Exercise details — How many lines in the data below have the string "Mode"? Reply with the number alone.

Provided data —
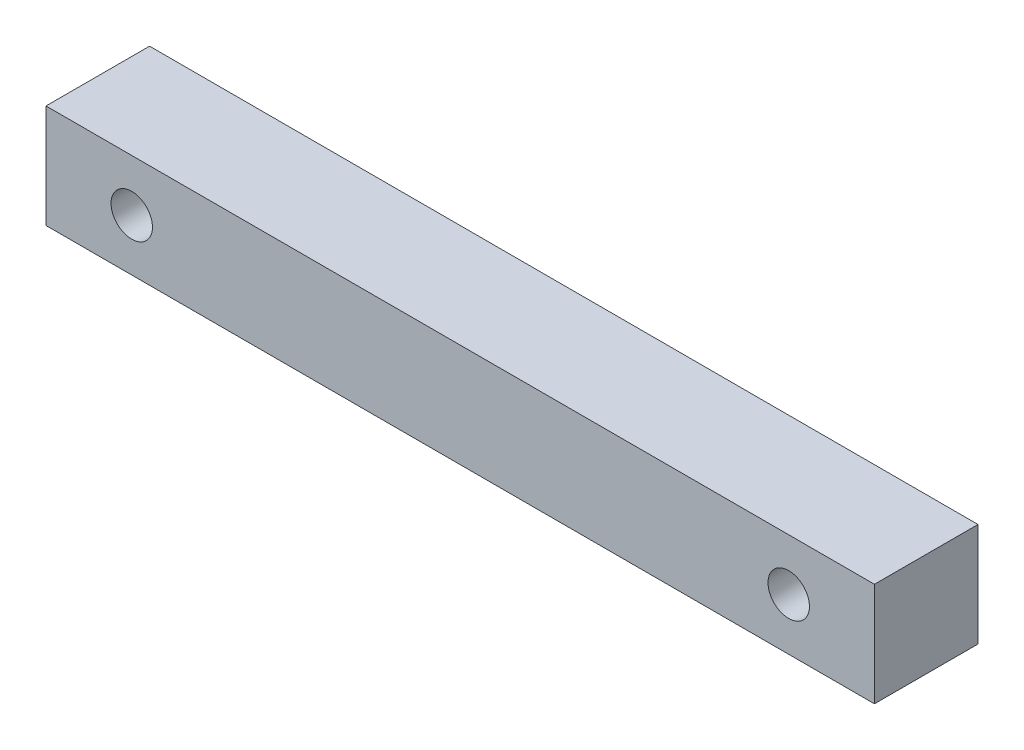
from build123d import *

# Parameters (mm, degrees)
SKETCH1_W           = 40
SKETCH1_H           = 5
BOSS_EXTRUDE1_DEPTH = 5
SKETCH2_R           = 1
CUT_EXTRUDE1_DEPTH  = 5


with BuildPart() as part:
    # Sketch1 → Boss-Extrude1 (new body)
    with BuildSketch(Plane.XY):
        Rectangle(SKETCH1_W, SKETCH1_H)
    extrude(amount=BOSS_EXTRUDE1_DEPTH)

    # Sketch2 → Cut-Extrude1 (cut)
    with BuildSketch(Plane.XY.offset(5)):
        with Locations((-15.86034517, 0)):
            Circle(SKETCH2_R)
        with Locations((15.86034517, 0)):
            Circle(SKETCH2_R)
    extrude(amount=-CUT_EXTRUDE1_DEPTH, mode=Mode.SUBTRACT)


solid = part.part
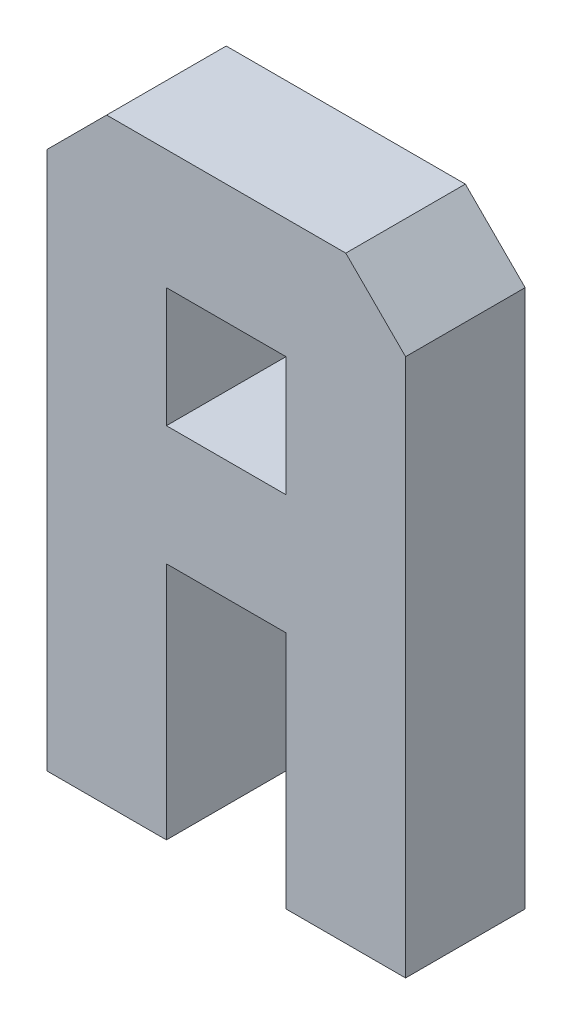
from build123d import *

# Parameters (mm, degrees)
ESQUISSE1_W        = 10
ESQUISSE1_H        = 10
BOSS_EXTRU_1_DEPTH = 10
CHANFREIN1_SIZE    = 5


with BuildPart() as part:
    # Esquisse1 → Boss.-Extru.1 (new body)
    with BuildSketch(Plane.XY):
        Polygon((0, 0), (0, 50), (30, 50), (30, 0), (20, 0), (20, 20), (10, 20), (10, 0), align=None)
        with Locations((15, 35)):
            Rectangle(ESQUISSE1_W, ESQUISSE1_H, mode=Mode.SUBTRACT)
    extrude(amount=BOSS_EXTRU_1_DEPTH)

    # Chanfrein1
    chanfrein1_edges = [part.edges().sort_by_distance(p)[0] for p in [
        (0, 50, 5),
        (30, 50, 5),
    ]]
    chamfer(chanfrein1_edges, length=CHANFREIN1_SIZE)


solid = part.part

Result — 2